PROBLEM DESCRIPTION:
Starting at the line below holding "#27=LINE('',#26,#25);" and stopping at the line holding "#45=LINE('',#44,#43);", print every line exactly, both ends included, and leave the rest out.

[Opening DATA PROVIDED section]

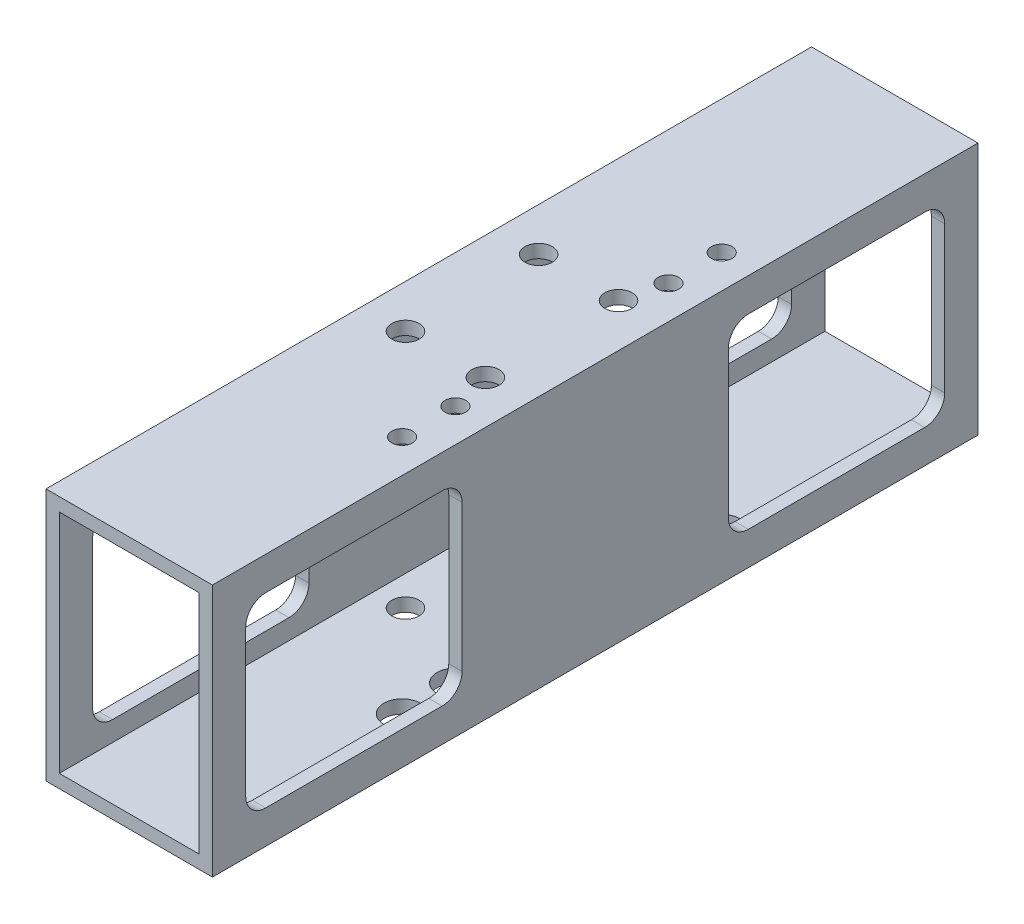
ISO-10303-21;
HEADER;
FILE_DESCRIPTION(('STEP AP214'),'2;1');
FILE_NAME('part.step','',(''),(''),'','','');
FILE_SCHEMA(('AUTOMOTIVE_DESIGN { 1 0 10303 214 1 1 1 1 }'));
ENDSEC;
DATA;
#1=APPLICATION_CONTEXT('core data for automotive mechanical design processes');
#2=APPLICATION_PROTOCOL_DEFINITION('international standard','automotive_design',2000,#1);
#3=PRODUCT_CONTEXT('',#1,'mechanical');
#4=PRODUCT('Part','Part','',(#3));
#5=PRODUCT_RELATED_PRODUCT_CATEGORY('part','',(#4));
#6=PRODUCT_DEFINITION_FORMATION('','',#4);
#7=PRODUCT_DEFINITION_CONTEXT('part definition',#1,'design');
#8=PRODUCT_DEFINITION('design','',#6,#7);
#9=PRODUCT_DEFINITION_SHAPE('','',#8);
#10=(LENGTH_UNIT() NAMED_UNIT(*) SI_UNIT(.MILLI.,.METRE.));
#11=(NAMED_UNIT(*) PLANE_ANGLE_UNIT() SI_UNIT($,.RADIAN.));
#12=(NAMED_UNIT(*) SI_UNIT($,.STERADIAN.) SOLID_ANGLE_UNIT());
#13=UNCERTAINTY_MEASURE_WITH_UNIT(LENGTH_MEASURE(1.E-05),#10,'distance_accuracy_value','');
#14=(GEOMETRIC_REPRESENTATION_CONTEXT(3) GLOBAL_UNCERTAINTY_ASSIGNED_CONTEXT((#13)) GLOBAL_UNIT_ASSIGNED_CONTEXT((#10,
#11,#12)) REPRESENTATION_CONTEXT('',''));
#15=CARTESIAN_POINT('',(0.,0.,0.));
#16=DIRECTION('',(0.,0.,1.));
#17=DIRECTION('',(1.,0.,0.));
#18=AXIS2_PLACEMENT_3D('',#15,#16,#17);
#19=CARTESIAN_POINT('',(0.,0.,115.));
#20=DIRECTION('',(0.,0.,-1.));
#21=DIRECTION('',(-1.,0.,0.));
#22=AXIS2_PLACEMENT_3D('',#19,#20,#21);
#23=PLANE('',#22);
#24=DIRECTION('',(0.,1.,0.));
#25=VECTOR('',#24,1.);
#26=CARTESIAN_POINT('',(12.5,-19.,115.));
#27=LINE('',#26,#25);
#28=CARTESIAN_POINT('',(12.5,-19.,115.));
#29=VERTEX_POINT('',#28);
#30=CARTESIAN_POINT('',(12.5,19.,115.));
#31=VERTEX_POINT('',#30);
#32=EDGE_CURVE('E553',#29,#31,#27,.T.);
#33=ORIENTED_EDGE('',*,*,#32,.T.);
#34=DIRECTION('',(-1.,0.,0.));
#35=VECTOR('',#34,1.);
#36=CARTESIAN_POINT('',(-12.5,19.,115.));
#37=LINE('',#36,#35);
#38=CARTESIAN_POINT('',(-12.5,19.,115.));
#39=VERTEX_POINT('',#38);
#40=EDGE_CURVE('E556',#31,#39,#37,.T.);
#41=ORIENTED_EDGE('',*,*,#40,.T.);
#42=DIRECTION('',(0.,-1.,0.));
#43=VECTOR('',#42,1.);
#44=CARTESIAN_POINT('',(-12.5,-19.,115.));
#45=LINE('',#44,#43);
#46=CARTESIAN_POINT('',(-12.5,-19.,115.));
#47=VERTEX_POINT('',#46);
#48=EDGE_CURVE('E559',#39,#47,#45,.T.);
#49=ORIENTED_EDGE('',*,*,#48,.T.);
#50=DIRECTION('',(1.,0.,0.));
#51=VECTOR('',#50,1.);
#52=CARTESIAN_POINT('',(-12.5,-19.,115.));
#53=LINE('',#52,#51);
#54=EDGE_CURVE('E561',#47,#29,#53,.T.);
#55=ORIENTED_EDGE('',*,*,#54,.T.);
#56=EDGE_LOOP('',(#33,#41,#49,#55));
#57=FACE_BOUND('',#56,.T.);
#58=DIRECTION('',(0.,-1.,0.));
#59=VECTOR('',#58,1.);
#60=CARTESIAN_POINT('',(-10.5,-17.,115.));
#61=LINE('',#60,#59);
#62=CARTESIAN_POINT('',(-10.5,17.,115.));
#63=VERTEX_POINT('',#62);
#64=CARTESIAN_POINT('',(-10.5,-17.,115.));
#65=VERTEX_POINT('',#64);
#66=EDGE_CURVE('E522',#63,#65,#61,.T.);
#67=ORIENTED_EDGE('',*,*,#66,.F.);
#68=DIRECTION('',(-1.,0.,0.));
#69=VECTOR('',#68,1.);
#70=CARTESIAN_POINT('',(-10.5,17.,115.));
#71=LINE('',#70,#69);
#72=CARTESIAN_POINT('',(10.5,17.,115.));
#73=VERTEX_POINT('',#72);
#74=EDGE_CURVE('E530',#73,#63,#71,.T.);
#75=ORIENTED_EDGE('',*,*,#74,.F.);
#76=DIRECTION('',(0.,1.,0.));
#77=VECTOR('',#76,1.);
#78=CARTESIAN_POINT('',(10.5,-17.,115.));
#79=LINE('',#78,#77);
#80=CARTESIAN_POINT('',(10.5,-17.,115.));
#81=VERTEX_POINT('',#80);
#82=EDGE_CURVE('E527',#81,#73,#79,.T.);
#83=ORIENTED_EDGE('',*,*,#82,.F.);
#84=DIRECTION('',(1.,0.,0.));
#85=VECTOR('',#84,1.);
#86=CARTESIAN_POINT('',(-10.5,-17.,115.));
#87=LINE('',#86,#85);
#88=EDGE_CURVE('E524',#65,#81,#87,.T.);
#89=ORIENTED_EDGE('',*,*,#88,.F.);
#90=EDGE_LOOP('',(#67,#75,#83,#89));
#91=FACE_BOUND('',#90,.T.);
#92=ADVANCED_FACE('F34',(#57,#91),#23,.F.);
#93=CARTESIAN_POINT('',(0.,0.,0.));
#94=DIRECTION('',(0.,0.,-1.));
#95=DIRECTION('',(-1.,0.,0.));
#96=AXIS2_PLACEMENT_3D('',#93,#94,#95);
#97=PLANE('',#96);
#98=DIRECTION('',(0.,1.,0.));
#99=VECTOR('',#98,1.);
#100=CARTESIAN_POINT('',(12.5,-19.,0.));
#101=LINE('',#100,#99);
#102=CARTESIAN_POINT('',(12.5,-19.,0.));
#103=VERTEX_POINT('',#102);
#104=CARTESIAN_POINT('',(12.5,19.,0.));
#105=VERTEX_POINT('',#104);
#106=EDGE_CURVE('E552',#103,#105,#101,.T.);
#107=ORIENTED_EDGE('',*,*,#106,.F.);
#108=DIRECTION('',(1.,0.,0.));
#109=VECTOR('',#108,1.);
#110=CARTESIAN_POINT('',(-12.5,-19.,0.));
#111=LINE('',#110,#109);
#112=CARTESIAN_POINT('',(-12.5,-19.,0.));
#113=VERTEX_POINT('',#112);
#114=EDGE_CURVE('E557',#113,#103,#111,.T.);
#115=ORIENTED_EDGE('',*,*,#114,.F.);
#116=DIRECTION('',(0.,-1.,0.));
#117=VECTOR('',#116,1.);
#118=CARTESIAN_POINT('',(-12.5,-19.,0.));
#119=LINE('',#118,#117);
#120=CARTESIAN_POINT('',(-12.5,19.,0.));
#121=VERTEX_POINT('',#120);
#122=EDGE_CURVE('E568',#121,#113,#119,.T.);
#123=ORIENTED_EDGE('',*,*,#122,.F.);
#124=DIRECTION('',(-1.,0.,0.));
#125=VECTOR('',#124,1.);
#126=CARTESIAN_POINT('',(-12.5,19.,0.));
#127=LINE('',#126,#125);
#128=EDGE_CURVE('E566',#105,#121,#127,.T.);
#129=ORIENTED_EDGE('',*,*,#128,.F.);
#130=EDGE_LOOP('',(#107,#115,#123,#129));
#131=FACE_BOUND('',#130,.T.);
#132=DIRECTION('',(-1.,0.,0.));
#133=VECTOR('',#132,1.);
#134=CARTESIAN_POINT('',(-10.5,17.,0.));
#135=LINE('',#134,#133);
#136=CARTESIAN_POINT('',(10.5,17.,0.));
#137=VERTEX_POINT('',#136);
#138=CARTESIAN_POINT('',(-10.5,17.,0.));
#139=VERTEX_POINT('',#138);
#140=EDGE_CURVE('E525',#137,#139,#135,.T.);
#141=ORIENTED_EDGE('',*,*,#140,.T.);
#142=DIRECTION('',(0.,-1.,0.));
#143=VECTOR('',#142,1.);
#144=CARTESIAN_POINT('',(-10.5,-17.,0.));
#145=LINE('',#144,#143);
#146=CARTESIAN_POINT('',(-10.5,-17.,0.));
#147=VERTEX_POINT('',#146);
#148=EDGE_CURVE('E521',#139,#147,#145,.T.);
#149=ORIENTED_EDGE('',*,*,#148,.T.);
#150=DIRECTION('',(1.,0.,0.));
#151=VECTOR('',#150,1.);
#152=CARTESIAN_POINT('',(-10.5,-17.,0.));
#153=LINE('',#152,#151);
#154=CARTESIAN_POINT('',(10.5,-17.,0.));
#155=VERTEX_POINT('',#154);
#156=EDGE_CURVE('E535',#147,#155,#153,.T.);
#157=ORIENTED_EDGE('',*,*,#156,.T.);
#158=DIRECTION('',(0.,1.,0.));
#159=VECTOR('',#158,1.);
#160=CARTESIAN_POINT('',(10.5,-17.,0.));
#161=LINE('',#160,#159);
#162=EDGE_CURVE('E538',#155,#137,#161,.T.);
#163=ORIENTED_EDGE('',*,*,#162,.T.);
#164=EDGE_LOOP('',(#141,#149,#157,#163));
#165=FACE_BOUND('',#164,.T.);
#166=ADVANCED_FACE('F686',(#131,#165),#97,.T.);
#167=CARTESIAN_POINT('',(12.5,-19.,115.));
#168=DIRECTION('',(-1.,0.,0.));
#169=DIRECTION('',(0.,0.,1.));
#170=AXIS2_PLACEMENT_3D('',#167,#168,#169);
#171=PLANE('',#170);
#172=DIRECTION('',(0.,0.,-1.));
#173=VECTOR('',#172,1.);
#174=CARTESIAN_POINT('',(12.5,14.,115.));
#175=LINE('',#174,#173);
#176=CARTESIAN_POINT('',(12.5,14.,107.));
#177=VERTEX_POINT('',#176);
#178=CARTESIAN_POINT('',(12.5,14.,80.5));
#179=VERTEX_POINT('',#178);
#180=EDGE_CURVE('E384',#177,#179,#175,.T.);
#181=ORIENTED_EDGE('',*,*,#180,.T.);
#182=CARTESIAN_POINT('',(12.5,11.,80.5));
#183=DIRECTION('',(-1.,0.,0.));
#184=DIRECTION('',(0.,0.,1.));
#185=AXIS2_PLACEMENT_3D('',#182,#183,#184);
#186=CIRCLE('',#185,3.);
#187=CARTESIAN_POINT('',(12.5,11.,77.5));
#188=VERTEX_POINT('',#187);
#189=EDGE_CURVE('E389',#179,#188,#186,.T.);
#190=ORIENTED_EDGE('',*,*,#189,.T.);
#191=DIRECTION('',(0.,-1.,0.));
#192=VECTOR('',#191,1.);
#193=CARTESIAN_POINT('',(12.5,-19.,77.5));
#194=LINE('',#193,#192);
#195=CARTESIAN_POINT('',(12.5,-11.,77.5));
#196=VERTEX_POINT('',#195);
#197=EDGE_CURVE('E355',#188,#196,#194,.T.);
#198=ORIENTED_EDGE('',*,*,#197,.T.);
#199=CARTESIAN_POINT('',(12.5,-11.,80.5));
#200=DIRECTION('',(-1.,0.,0.));
#201=DIRECTION('',(0.,0.,1.));
#202=AXIS2_PLACEMENT_3D('',#199,#200,#201);
#203=CIRCLE('',#202,3.);
#204=CARTESIAN_POINT('',(12.5,-14.,80.5));
#205=VERTEX_POINT('',#204);
#206=EDGE_CURVE('E359',#196,#205,#203,.T.);
#207=ORIENTED_EDGE('',*,*,#206,.T.);
#208=DIRECTION('',(0.,0.,1.));
#209=VECTOR('',#208,1.);
#210=CARTESIAN_POINT('',(12.5,-14.,115.));
#211=LINE('',#210,#209);
#212=CARTESIAN_POINT('',(12.5,-14.,107.));
#213=VERTEX_POINT('',#212);
#214=EDGE_CURVE('E364',#205,#213,#211,.T.);
#215=ORIENTED_EDGE('',*,*,#214,.T.);
#216=CARTESIAN_POINT('',(12.5,-11.,107.));
#217=DIRECTION('',(-1.,0.,0.));
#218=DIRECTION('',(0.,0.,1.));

[Closing DATA PROVIDED section]

RESULT:
#27=LINE('',#26,#25);
#28=CARTESIAN_POINT('',(12.5,-19.,115.));
#29=VERTEX_POINT('',#28);
#30=CARTESIAN_POINT('',(12.5,19.,115.));
#31=VERTEX_POINT('',#30);
#32=EDGE_CURVE('E553',#29,#31,#27,.T.);
#33=ORIENTED_EDGE('',*,*,#32,.T.);
#34=DIRECTION('',(-1.,0.,0.));
#35=VECTOR('',#34,1.);
#36=CARTESIAN_POINT('',(-12.5,19.,115.));
#37=LINE('',#36,#35);
#38=CARTESIAN_POINT('',(-12.5,19.,115.));
#39=VERTEX_POINT('',#38);
#40=EDGE_CURVE('E556',#31,#39,#37,.T.);
#41=ORIENTED_EDGE('',*,*,#40,.T.);
#42=DIRECTION('',(0.,-1.,0.));
#43=VECTOR('',#42,1.);
#44=CARTESIAN_POINT('',(-12.5,-19.,115.));
#45=LINE('',#44,#43);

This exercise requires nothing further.